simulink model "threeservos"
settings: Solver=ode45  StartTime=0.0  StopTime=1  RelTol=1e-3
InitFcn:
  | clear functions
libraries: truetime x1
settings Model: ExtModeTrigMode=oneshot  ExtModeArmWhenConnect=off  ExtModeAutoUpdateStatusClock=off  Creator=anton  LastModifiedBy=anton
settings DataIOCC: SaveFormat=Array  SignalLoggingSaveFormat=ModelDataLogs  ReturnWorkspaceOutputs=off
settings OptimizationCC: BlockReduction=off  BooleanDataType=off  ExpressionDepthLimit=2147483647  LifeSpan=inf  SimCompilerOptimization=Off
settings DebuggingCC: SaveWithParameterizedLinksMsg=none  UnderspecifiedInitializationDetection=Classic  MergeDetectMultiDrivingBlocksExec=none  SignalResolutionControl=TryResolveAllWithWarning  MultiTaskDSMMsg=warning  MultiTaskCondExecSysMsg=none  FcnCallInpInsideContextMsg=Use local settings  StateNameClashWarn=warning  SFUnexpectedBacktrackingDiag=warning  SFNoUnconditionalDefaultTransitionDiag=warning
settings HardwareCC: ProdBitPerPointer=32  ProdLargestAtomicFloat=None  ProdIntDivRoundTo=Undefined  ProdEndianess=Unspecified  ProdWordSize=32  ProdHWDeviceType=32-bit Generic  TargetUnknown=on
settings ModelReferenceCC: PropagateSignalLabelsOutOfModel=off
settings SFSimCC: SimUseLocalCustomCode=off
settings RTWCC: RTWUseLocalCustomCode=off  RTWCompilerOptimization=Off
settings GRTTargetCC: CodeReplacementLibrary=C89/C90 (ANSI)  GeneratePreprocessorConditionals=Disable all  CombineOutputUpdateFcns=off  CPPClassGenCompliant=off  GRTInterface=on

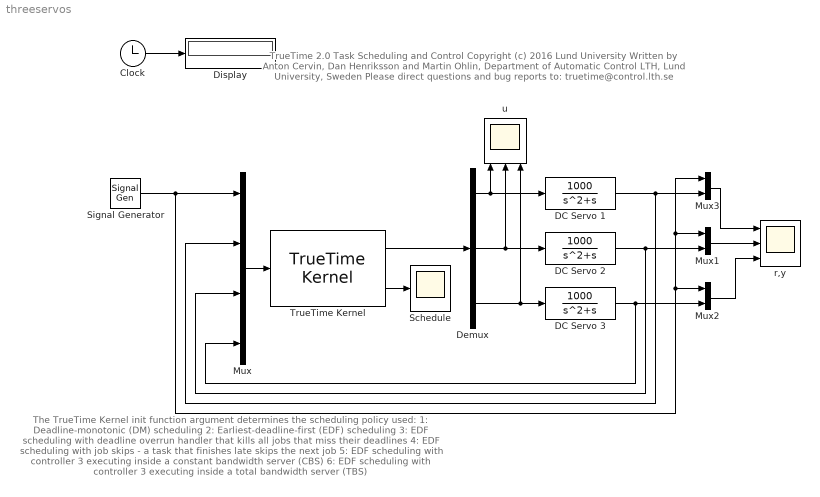
== system threeservos ==
  note: The TrueTime Kernel init function argument determines the scheduling policy used:
      |   1: Deadline-monotonic (DM) scheduling
      |   2: Earliest-deadline-first (EDF) scheduling
      |   3: EDF scheduling with deadline overrun handler that kills all jobs that miss their deadlines
      |   4: EDF scheduling with job skips - a task that finishes late skips the next job
      |   5: EDF scheduling with controller 3 executing inside a constant bandwidth server (CBS)
      |   6: EDF scheduling with controller 3 executing inside a total bandwidth server (TBS)
  note: TrueTime 2.0  Task Scheduling and Control
      | Copyright (c) 2016 Lund University
      | Written by Anton Cervin, Dan Henriksson and Martin Ohlin,
      | Department of Automatic Control LTH, Lund University, Sweden
      | Please direct questions and bug reports to:  truetime@control.lth.se
  Clock : Clock
  DC Servo 1 : TransferFcn  Numerator=[1000]  Denominator=[1 1 0]
  DC Servo 2 : TransferFcn  Numerator=[1000]  Denominator=[1 1 0]
  DC Servo 3 : TransferFcn  Numerator=[1000]  Denominator=[1 1 0]
  Demux : Demux  Outputs=3
  Display : Display
  Mux : Mux
  Mux1 : Mux  Inputs=2
  Mux2 : Mux  Inputs=2
  Mux3 : Mux  Inputs=2
  Schedule : Scope
      settings: TimeRange=1  YMin=1  YMax=3.5  SaveName=ry
  Signal Generator : SignalGenerator  WaveForm=square  Frequency=1.5
  TrueTime Kernel : truetime/TrueTime Kernel  sfun=threeservos_init  args=1  ninputsoutputs=[4 3]  ntriggers=0  trigtype=falling  nwnodenbr=[]  clockoffsetdrift=[0 0]  schedoutput=on  battery=off  poweroutput=off
  r,y : Scope  NumInputPorts=3
      settings: TimeRange=1  YMin=-2~-2~-2  YMax=2~2~2  SaveName=ry1
  u : Scope  NumInputPorts=3
      settings: TimeRange=1  YMin=-2~-5~-5  YMax=2~5~5
  wires:
  Clock/1 -> Display/1
  Signal Generator/1 -> Mux3/1, Mux1/1, Mux2/1, Mux/1
  Demux/2 -> DC Servo 2/1, u/2
  Demux/3 -> DC Servo 3/1, u/3
  DC Servo 1/1 -> Mux3/2, Mux/2
  DC Servo 2/1 -> Mux1/2, Mux/3
  DC Servo 3/1 -> Mux2/2, Mux/4
  Mux2/1 -> r,y/3
  Mux/1 -> TrueTime Kernel/1
  TrueTime Kernel/1 -> Demux/1
  Mux1/1 -> r,y/2
  Mux3/1 -> r,y/1
  Demux/1 -> DC Servo 1/1, u/1
  TrueTime Kernel/2 -> Schedule/1

Description of the task =>
Give back the records word for word, without their pictures.

Response =>
simulink model "threeservos"
settings: Solver=ode45  StartTime=0.0  StopTime=1  RelTol=1e-3
InitFcn:
  | clear functions
libraries: truetime x1
settings Model: ExtModeTrigMode=oneshot  ExtModeArmWhenConnect=off  ExtModeAutoUpdateStatusClock=off  Creator=anton  LastModifiedBy=anton
settings DataIOCC: SaveFormat=Array  SignalLoggingSaveFormat=ModelDataLogs  ReturnWorkspaceOutputs=off
settings OptimizationCC: BlockReduction=off  BooleanDataType=off  ExpressionDepthLimit=2147483647  LifeSpan=inf  SimCompilerOptimization=Off
settings DebuggingCC: SaveWithParameterizedLinksMsg=none  UnderspecifiedInitializationDetection=Classic  MergeDetectMultiDrivingBlocksExec=none  SignalResolutionControl=TryResolveAllWithWarning  MultiTaskDSMMsg=warning  MultiTaskCondExecSysMsg=none  FcnCallInpInsideContextMsg=Use local settings  StateNameClashWarn=warning  SFUnexpectedBacktrackingDiag=warning  SFNoUnconditionalDefaultTransitionDiag=warning
settings HardwareCC: ProdBitPerPointer=32  ProdLargestAtomicFloat=None  ProdIntDivRoundTo=Undefined  ProdEndianess=Unspecified  ProdWordSize=32  ProdHWDeviceType=32-bit Generic  TargetUnknown=on
settings ModelReferenceCC: PropagateSignalLabelsOutOfModel=off
settings SFSimCC: SimUseLocalCustomCode=off
settings RTWCC: RTWUseLocalCustomCode=off  RTWCompilerOptimization=Off
settings GRTTargetCC: CodeReplacementLibrary=C89/C90 (ANSI)  GeneratePreprocessorConditionals=Disable all  CombineOutputUpdateFcns=off  CPPClassGenCompliant=off  GRTInterface=on

== system threeservos ==
  note: The TrueTime Kernel init function argument determines the scheduling policy used:
      |   1: Deadline-monotonic (DM) scheduling
      |   2: Earliest-deadline-first (EDF) scheduling
      |   3: EDF scheduling with deadline overrun handler that kills all jobs that miss their deadlines
      |   4: EDF scheduling with job skips - a task that finishes late skips the next job
      |   5: EDF scheduling with controller 3 executing inside a constant bandwidth server (CBS)
      |   6: EDF scheduling with controller 3 executing inside a total bandwidth server (TBS)
  note: TrueTime 2.0  Task Scheduling and Control
      | Copyright (c) 2016 Lund University
      | Written by Anton Cervin, Dan Henriksson and Martin Ohlin,
      | Department of Automatic Control LTH, Lund University, Sweden
      | Please direct questions and bug reports to:  truetime@control.lth.se
  Clock : Clock
  DC Servo 1 : TransferFcn  Numerator=[1000]  Denominator=[1 1 0]
  DC Servo 2 : TransferFcn  Numerator=[1000]  Denominator=[1 1 0]
  DC Servo 3 : TransferFcn  Numerator=[1000]  Denominator=[1 1 0]
  Demux : Demux  Outputs=3
  Display : Display
  Mux : Mux
  Mux1 : Mux  Inputs=2
  Mux2 : Mux  Inputs=2
  Mux3 : Mux  Inputs=2
  Schedule : Scope
      settings: TimeRange=1  YMin=1  YMax=3.5  SaveName=ry
  Signal Generator : SignalGenerator  WaveForm=square  Frequency=1.5
  TrueTime Kernel : truetime/TrueTime Kernel  sfun=threeservos_init  args=1  ninputsoutputs=[4 3]  ntriggers=0  trigtype=falling  nwnodenbr=[]  clockoffsetdrift=[0 0]  schedoutput=on  battery=off  poweroutput=off
  r,y : Scope  NumInputPorts=3
      settings: TimeRange=1  YMin=-2~-2~-2  YMax=2~2~2  SaveName=ry1
  u : Scope  NumInputPorts=3
      settings: TimeRange=1  YMin=-2~-5~-5  YMax=2~5~5
  wires:
  Clock/1 -> Display/1
  Signal Generator/1 -> Mux3/1, Mux1/1, Mux2/1, Mux/1
  Demux/2 -> DC Servo 2/1, u/2
  Demux/3 -> DC Servo 3/1, u/3
  DC Servo 1/1 -> Mux3/2, Mux/2
  DC Servo 2/1 -> Mux1/2, Mux/3
  DC Servo 3/1 -> Mux2/2, Mux/4
  Mux2/1 -> r,y/3
  Mux/1 -> TrueTime Kernel/1
  TrueTime Kernel/1 -> Demux/1
  Mux1/1 -> r,y/2
  Mux3/1 -> r,y/1
  Demux/1 -> DC Servo 1/1, u/1
  TrueTime Kernel/2 -> Schedule/1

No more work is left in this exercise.